» **WHAT NEEDS TO BE DONE**
Every record below must come back exactly as written, with the images dropped.

Dataset items
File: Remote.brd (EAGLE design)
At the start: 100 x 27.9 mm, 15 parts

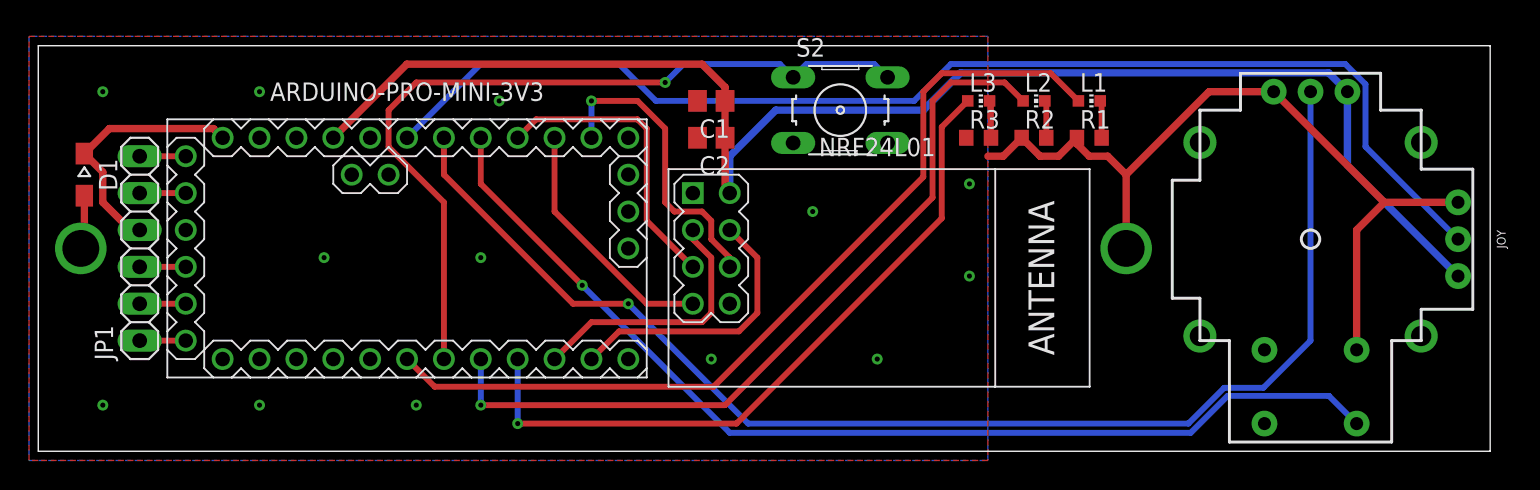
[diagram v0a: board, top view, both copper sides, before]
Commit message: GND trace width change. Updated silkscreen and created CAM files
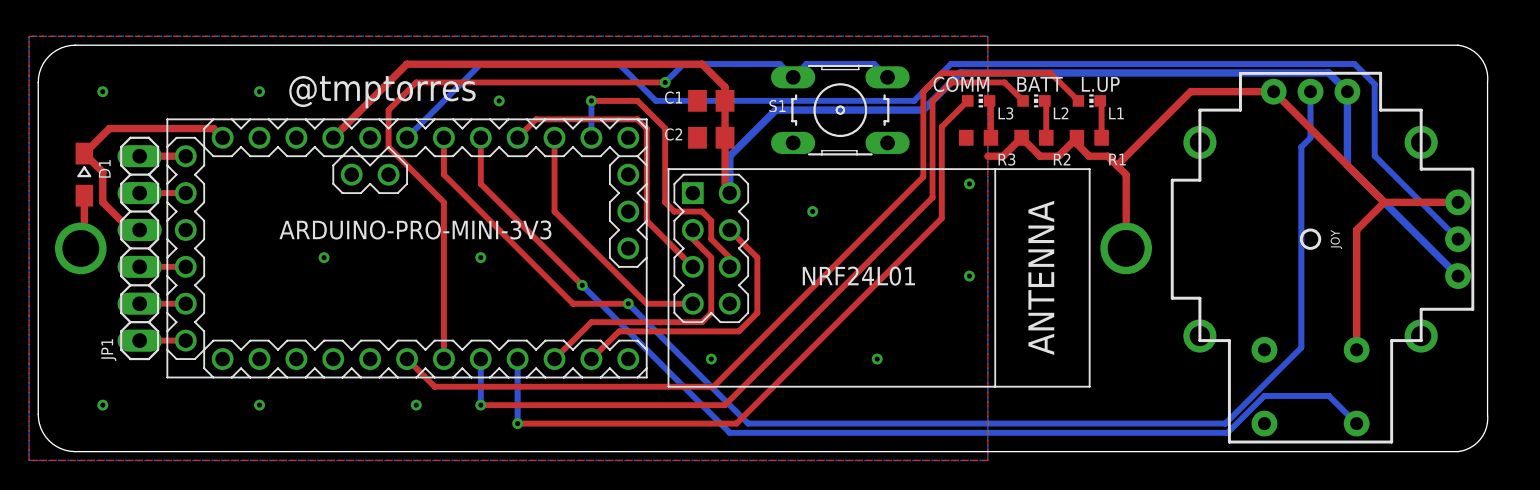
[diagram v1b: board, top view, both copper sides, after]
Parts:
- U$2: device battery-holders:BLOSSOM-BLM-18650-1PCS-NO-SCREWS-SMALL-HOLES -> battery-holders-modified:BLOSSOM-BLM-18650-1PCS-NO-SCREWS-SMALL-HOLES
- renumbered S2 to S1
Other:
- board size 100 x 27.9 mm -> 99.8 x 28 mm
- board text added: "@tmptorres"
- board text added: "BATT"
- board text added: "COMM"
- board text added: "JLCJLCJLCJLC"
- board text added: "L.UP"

» **OUTPUT OF THE EXERCISE**
File: Remote.brd (EAGLE design)
At the start: 100 x 27.9 mm, 15 parts

[diagram v0a: board, top view, both copper sides, before]
Commit message: GND trace width change. Updated silkscreen and created CAM files
[diagram v1b: board, top view, both copper sides, after]
Parts:
- U$2: device battery-holders:BLOSSOM-BLM-18650-1PCS-NO-SCREWS-SMALL-HOLES -> battery-holders-modified:BLOSSOM-BLM-18650-1PCS-NO-SCREWS-SMALL-HOLES
- renumbered S2 to S1
Other:
- board size 100 x 27.9 mm -> 99.8 x 28 mm
- board text added: "@tmptorres"
- board text added: "BATT"
- board text added: "COMM"
- board text added: "JLCJLCJLCJLC"
- board text added: "L.UP"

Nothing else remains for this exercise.